Hay tres capítulos de la novela que relatan la estadía de Abel Ortega en Ibiza y que no tienen desperdicio. Ortega se encuentra allí con el artista, también uruguayo, Titto Vanelli. Ambos estuvieron vinculados en un episodio de fraude en Buenos Aires, Vanelli proveía a Ortega de muy buenas copias que luego este vendía por buenas. Luego ambos siguen trayectorias diferentes y vuelven a cruzarse en Ibiza. Ortega describe a Vanelli como su opuesto, un hippie, siempre drogado, que hacía retratos a turistas alemanes por unas pesetas. Ortega es un yuppie que decidió encaminar su carrera en el mercado del arte. La oposición entre ambos personajes, siempre desde el punto de vista de Ortega, tiene su inversión hacia el final, pero a eso no hago referencia para no aguarles parte del desenlace de la novela.

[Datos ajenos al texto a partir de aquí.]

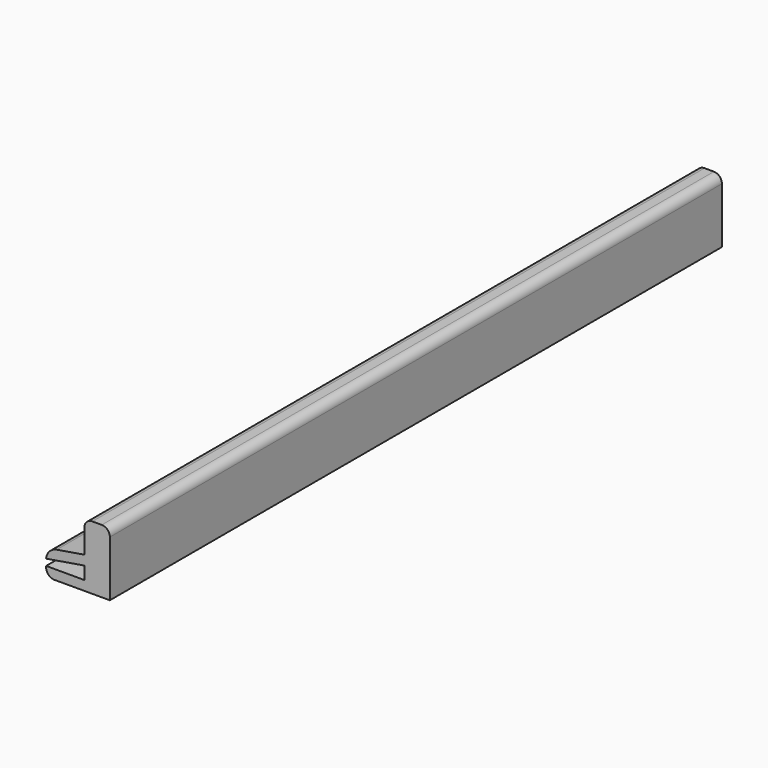
from build123d import *

# Parameters (mm, degrees)
F0_W        = 9
F0_H        = 2.25
F1_DEPTH    = 180
F2_T1_DEPTH = 192.6338141032
F3_R        = 2
F4_R        = 1.9


# Not quite as in the source:
# - a fillet or chamfer that OpenCascade refuses, or shapes differently, is made with other operations: its cross-section is extruded or revolved along the edge and cut away or added


with BuildPart() as f1:
    # F0 (on Front) → F1 (new body)
    with BuildSketch(Plane.XZ):
        Polygon((1.5, -2.25), (1.5, 0), (-7.5, -1.5), (-7.5, -3.75), align=None)
        Polygon((7.5, -7.5), (7.5, 7.5), (1.5, 7.5), (1.5, 0), (1.5, -2.25), (1.5, -5.25), (1.5, -7.5), align=None)
        with Locations((-3, -6.375)):
            Rectangle(F0_W, F0_H)
    extrude(amount=-F1_DEPTH)

    # F2: fillet of radius 3 on 1 edges, made by hand

    # F2_s2 → F2_t1 (cut)
    with BuildSketch(Plane.XZ.offset(-186.3169070516)):
        with BuildLine():
            ThreePointArc((-5.0076165068, -1.0846027511), (-6.7056654696, -1.9947746893), (-7.5, -3.75))
            Line((-7.5, -3.75), (-7.5, -1.5))
            Line((-7.5, -1.5), (-5.0076165068, -1.0846027511))
        make_face()
    extrude(amount=F2_T1_DEPTH, mode=Mode.SUBTRACT)

    # F3
    f3_edges = [f1.edges().sort_by_distance(p)[0] for p in [
        (-7.5, 90, -7.5),
    ]]
    fillet(f3_edges, radius=F3_R)

    # F4
    f4_edges = [f1.edges().sort_by_distance(p)[0] for p in [
        (1.5, 90, 7.5),
        (7.5, 90, 7.5),
    ]]
    fillet(f4_edges, radius=F4_R)


solid = f1.part
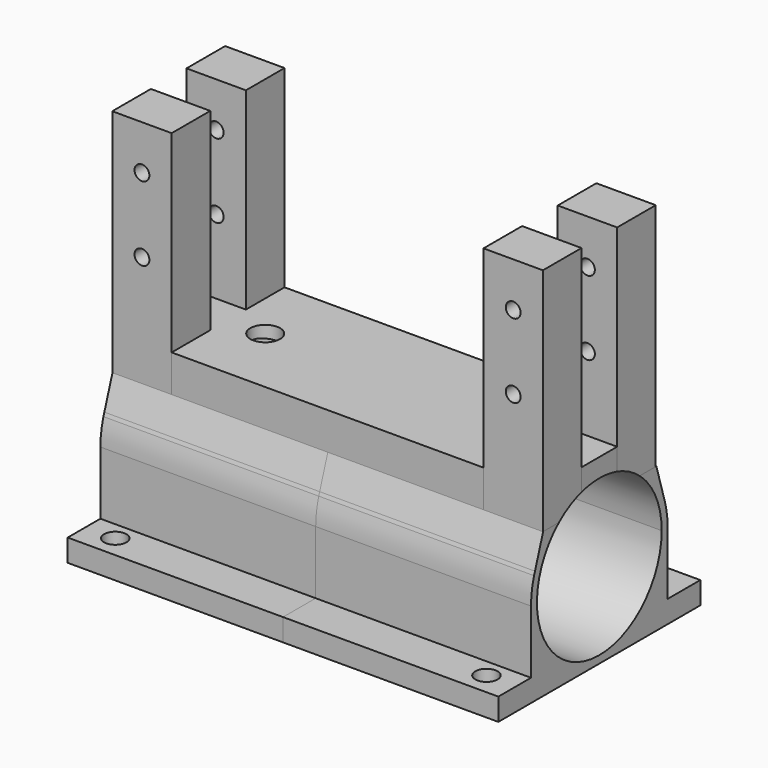
from build123d import *

# Parameters (mm, degrees)
F0_W      = 8
F0_H      = 6.5
F1_DEPTH  = 31
F0_R      = 2
F2_DEPTH  = 5
F3_R      = 1
F4_DEPTH  = 12.5
F5_W      = 5.5
F5_H      = 3
F6_DEPTH  = 29
F9_R      = 10.5
F10_DEPTH = 83.001
F0_R_2    = 1.5
F11_DEPTH = 19.501


# Not quite as in the source:
# - the program builds the solid bodies; features that only make, move or delete a surface that nothing else refers to are left out


with BuildPart() as f1:
    # F0 (on Top) → F1 (new body)
    with BuildSketch(Plane.XY):
        with Locations((-25, 6.25)):
            Rectangle(F0_W, F0_H)
    extrude(amount=F1_DEPTH)


with BuildPart() as f1b:
    # F0 (on Top) → F1, piece 2 (new body)
    with BuildSketch(Plane.XY):
        with Locations((-25, -6.25)):
            Rectangle(F0_W, F0_H)
    extrude(amount=F1_DEPTH)


with BuildPart() as f1c:
    # F0 (on Top) → F1, piece 3 (new body)
    with BuildSketch(Plane.XY):
        with Locations((25, 6.25)):
            Rectangle(F0_W, F0_H)
    extrude(amount=F1_DEPTH)


with BuildPart() as f1d:
    # F0 (on Top) → F1, piece 4 (new body)
    with BuildSketch(Plane.XY):
        with Locations((25, -6.25)):
            Rectangle(F0_W, F0_H)
    extrude(amount=F1_DEPTH)


with BuildPart() as f2:
    # F0 (on Top) → F2 (new body)
    with BuildSketch(Plane.XY):
        Polygon((-21, -9.5), (21, -9.5), (21, -3), (29, -3), (29, 3), (21, 3), (21, 9.5), (-21, 9.5), (-21, 3), (-29, 3), (-29, -3), (-21, -3), align=None)
        with Locations((-16, 0)):
            Circle(F0_R, mode=Mode.SUBTRACT)
        with Locations((16, 0)):
            Circle(F0_R, mode=Mode.SUBTRACT)
    extrude(amount=F2_DEPTH)


with BuildPart() as f4_tool:
    # F3 (on Front) → F4 (new body, symmetric)
    with BuildSketch(Plane.XZ):
        with Locations((25, 25)):
            Circle(F3_R)
        with Locations((25, 15)):
            Circle(F3_R)
        with Locations((-25, 25)):
            Circle(F3_R)
        with Locations((-25, 15)):
            Circle(F3_R)
    extrude(amount=F4_DEPTH, both=True)


with BuildPart() as f1_1:
    add(f1.part)

    # F4: cut by f4_tool
    add(f4_tool.part, mode=Mode.SUBTRACT)


with BuildPart() as f1b_1:
    add(f1b.part)

    # F4: cut by f4_tool
    add(f4_tool.part, mode=Mode.SUBTRACT)


with BuildPart() as f1c_1:
    add(f1c.part)

    # F4: cut by f4_tool
    add(f4_tool.part, mode=Mode.SUBTRACT)


with BuildPart() as f1d_1:
    add(f1d.part)

    # F4: cut by f4_tool
    add(f4_tool.part, mode=Mode.SUBTRACT)


with BuildPart() as f6:
    # F5 (on Right) → F6 (new body, symmetric)
    with BuildSketch(Plane.YZ):
        with BuildLine():
            ThreePointArc((-10.8310090403, -4.1348682857), (-9.7674911279, -1.9298997482), (-8.2613558209, 0))
            Line((-8.2613558209, 0), (-9.4548137859, 0))
            Line((-9.4548137859, 0), (-10.8310090403, -4.1348682857))
        make_face()
        with BuildLine():
            ThreePointArc((6.8007352544, 0), (9.5304176239, -3.5930577591), (10.5, -8))
            ThreePointArc((10.5, -8), (-4.4069422409, -17.5304176239), (-6.8007352544, 0))
            Line((-6.8007352544, 0), (-8.2613558209, 0))
            ThreePointArc((-8.2613558209, 0), (-9.7674911279, -1.9298997482), (-10.8310090403, -4.1348682857))
            Line((-10.8310090403, -4.1348682857), (-10.9869876699, -4.6035162385))
            ThreePointArc((-10.9869876699, -4.6035162385), (-11.3710236611, -6.2824957356), (-11.5, -8))
            ThreePointArc((-11.5, -8), (-8.1317279836, -16.1317279836), (0, -19.5))
            ThreePointArc((0, -19.5), (8.1317279836, -16.1317279836), (11.5, -8))
            ThreePointArc((11.5, -8), (11.3918398808, -6.4264739816), (11.0693940642, -4.8825467043))
            Line((11.0693940642, -4.8825467043), (10.9543418745, -4.499658003))
            ThreePointArc((10.9543418745, -4.499658003), (9.8677499977, -2.0942815862), (8.2613558209, 0))
            Line((8.2613558209, 0), (6.8007352544, 0))
        make_face()
        with BuildLine():
            Line((9.6022635698, 0), (8.2613558209, 0))
            ThreePointArc((8.2613558209, 0), (9.8677499977, -2.0942815862), (10.9543418745, -4.499658003))
            Line((10.9543418745, -4.499658003), (9.6022635698, 0))
        make_face()
        with BuildLine():
            ThreePointArc((6.8007352544, 0), (9.5304176239, -3.5930577591), (10.5, -8))
            ThreePointArc((10.5, -8), (-4.4069422409, -17.5304176239), (-6.8007352544, 0))
            Line((-6.8007352544, 0), (-8.2613558209, 0))
            ThreePointArc((-8.2613558209, 0), (-9.7674911279, -1.9298997482), (-10.8310090403, -4.1348682857))
            Line((-10.8310090403, -4.1348682857), (-10.9869876699, -4.6035162385))
            ThreePointArc((-10.9869876699, -4.6035162385), (-11.3710236611, -6.2824957356), (-11.5, -8))
            ThreePointArc((-11.5, -8), (-8.1317279836, -16.1317279836), (0, -19.5))
            ThreePointArc((0, -19.5), (8.1317279836, -16.1317279836), (11.5, -8))
            ThreePointArc((11.5, -8), (11.3918398808, -6.4264739816), (11.0693940642, -4.8825467043))
            Line((11.0693940642, -4.8825467043), (10.9543418745, -4.499658003))
            ThreePointArc((10.9543418745, -4.499658003), (9.8677499977, -2.0942815862), (8.2613558209, 0))
            Line((8.2613558209, 0), (6.8007352544, 0))
        make_face()
        with BuildLine():
            ThreePointArc((-6.8007352544, 0), (0, 2.5), (6.8007352544, 0))
            Line((6.8007352544, 0), (8.2613558209, 0))
            ThreePointArc((8.2613558209, 0), (0, 3.5), (-8.2613558209, 0))
            Line((-8.2613558209, 0), (-6.8007352544, 0))
        make_face()
        with BuildLine():
            ThreePointArc((6.8007352544, 0), (9.5304176239, -3.5930577591), (10.5, -8))
            ThreePointArc((10.5, -8), (-4.4069422409, -17.5304176239), (-6.8007352544, 0))
            Line((-6.8007352544, 0), (-8.2613558209, 0))
            ThreePointArc((-8.2613558209, 0), (-9.7674911279, -1.9298997482), (-10.8310090403, -4.1348682857))
            Line((-10.8310090403, -4.1348682857), (-10.9869876699, -4.6035162385))
            ThreePointArc((-10.9869876699, -4.6035162385), (-11.3710236611, -6.2824957356), (-11.5, -8))
            ThreePointArc((-11.5, -8), (-8.1317279836, -16.1317279836), (0, -19.5))
            ThreePointArc((0, -19.5), (8.1317279836, -16.1317279836), (11.5, -8))
            ThreePointArc((11.5, -8), (11.3918398808, -6.4264739816), (11.0693940642, -4.8825467043))
            Line((11.0693940642, -4.8825467043), (10.9543418745, -4.499658003))
            ThreePointArc((10.9543418745, -4.499658003), (9.8677499977, -2.0942815862), (8.2613558209, 0))
            Line((8.2613558209, 0), (6.8007352544, 0))
        make_face()
        with BuildLine():
            Line((11.5, -16.5), (11.5, -8))
            ThreePointArc((11.5, -8), (8.1317279836, -16.1317279836), (0, -19.5))
            Line((0, -19.5), (11.5, -19.5))
            Line((11.5, -19.5), (11.5, -16.5))
        make_face()
        with BuildLine():
            ThreePointArc((0, -19.5), (-8.1317279836, -16.1317279836), (-11.5, -8))
            Line((-11.5, -8), (-11.5, -16.5))
            Line((-11.5, -16.5), (-11.5, -19.5))
            Line((-11.5, -19.5), (0, -19.5))
        make_face()
        with Locations((-14.25, -18)):
            Rectangle(F5_W, F5_H)
        with Locations((14.25, -18)):
            Rectangle(F5_W, F5_H)
        with BuildLine():
            ThreePointArc((-6.8007352544, 0), (0, 2.5), (6.8007352544, 0))
            Line((6.8007352544, 0), (8.2613558209, 0))
            ThreePointArc((8.2613558209, 0), (0, 3.5), (-8.2613558209, 0))
            Line((-8.2613558209, 0), (-6.8007352544, 0))
        make_face()
    extrude(amount=F6_DEPTH, both=True)

    # F0 (on Top) → F11 (cut, through all)
    with BuildSketch(Plane.XY):
        with Locations((-25, -14)):
            Circle(F0_R_2)
        with Locations((25, -14)):
            Circle(F0_R_2)
        with Locations((-25, 14)):
            Circle(F0_R_2)
        with Locations((25, 14)):
            Circle(F0_R_2)
    extrude(amount=-F11_DEPTH, mode=Mode.SUBTRACT)


with BuildPart() as f10_tool:
    # F9 (on offset) → F10 (new body, through all)
    with BuildSketch(Plane.YZ.offset(54)):
        with Locations((0, -8)):
            Circle(F9_R)
    extrude(amount=-F10_DEPTH)


with BuildPart() as f1_2:
    add(f1_1.part)

    # F10: cut by f10_tool
    add(f10_tool.part, mode=Mode.SUBTRACT)


with BuildPart() as f1b_2:
    add(f1b_1.part)

    # F10: cut by f10_tool
    add(f10_tool.part, mode=Mode.SUBTRACT)


with BuildPart() as f1c_2:
    add(f1c_1.part)

    # F10: cut by f10_tool
    add(f10_tool.part, mode=Mode.SUBTRACT)


with BuildPart() as f1d_2:
    add(f1d_1.part)

    # F10: cut by f10_tool
    add(f10_tool.part, mode=Mode.SUBTRACT)


with BuildPart() as f2_1:
    add(f2.part)

    # F10: cut by f10_tool
    add(f10_tool.part, mode=Mode.SUBTRACT)


solid = Compound([f6.part, f1_2.part, f1b_2.part, f1c_2.part, f1d_2.part, f2_1.part])

No estoy 100% seguro, pero un punto de vista como el de Abel Ortega en la literatura uruguaya es inusual, por no decir inédito. Es verdad que es un personaje odioso, y no sólo porque representa al dinero en el mundo “incontaminado” de las artes visuales. Pero no tendría sentido explicar por qué, el lector que ya compró la novela me odiaría. Sin embargo, para aquellos que todavía no la compraron porque no los convenció el afiche o porque ni se enteraron, esos tres capítulos en Ibiza valen los 350 mangos. De lo contrario siempre se puede guardar el libro para los regalos de fin de año.
Una cita de la novela
Pero era un taller. Un taller modesto y sórdido de pintor como había visto cientos, y sin embargo, más aseado y prolijo de lo previsible; tal vez él mismo, al igual que la persona de Titto, había sido sometido a un apurado trámite de embellecimiento en homenaje al “hermano” pródigo. Y en las paredes, mezclados con algunos posters psicodélicos y otro hindú y algunos pensamientos inscriptos en crayola, carbonilla, sobre el mismo revoque, y cuadros pintados por Titto en Roma o en París en los tiempos de Thelma. Pero todo esto lo vi o pude apreciarlo más tarde. Porque apenas entré vi una sola cosa que se destacaba, destellaba y desteñía el resto hasta hacerlo uniforme y desvanecerlo. En la pared a la cual se arrimaba el camastro, entre un cuadro y un recorte de revista, estaba el Torres García de Titto. Yo me había olvidado que lo tenía y de haberlo recordado, probablemente hubiera supuesto que había tenido que desprenderse de él, pero ahí estaba, con la belleza que el tiempo no hace más que acrecer […] Yo lo había visto por primera vez en el taller aún más modesto que Titto tuvo al comienzo en una bohardilla de la Ciudad Vieja y lo había vuelto a ver en París. René Lafone se lo había querido comprar y Titto no había querido saber de nada. Ahora me preguntaba si Titto estaría enterado de la fortuna que tenía en su covacha, pero se me ocurrió demasiado tarde que debía desviar la vista del cuadro. Él tenía que haber percibido mi encandilamiento. Sentate, hombre, me dijo, te preparo un café. Tenía una hornallita, un filtro de tela, café de veras, un vaso con el azúcar, y también vi el mate, la bombilla, el paquete de yerba y la caldera. Era como estar en Montevideo, hasta ahí no habían llegado Ibiza y la droga. Vos conocías mi Torres, preguntó, afirmó, Titto, maniobrando con sus tachos. Sí, le dije, es una maravilla, ¿no lo vendés? Él también fue directo en su respuesta. Ni mamado, dijo, y eso pareció cerrar el tema (pp. 125-126).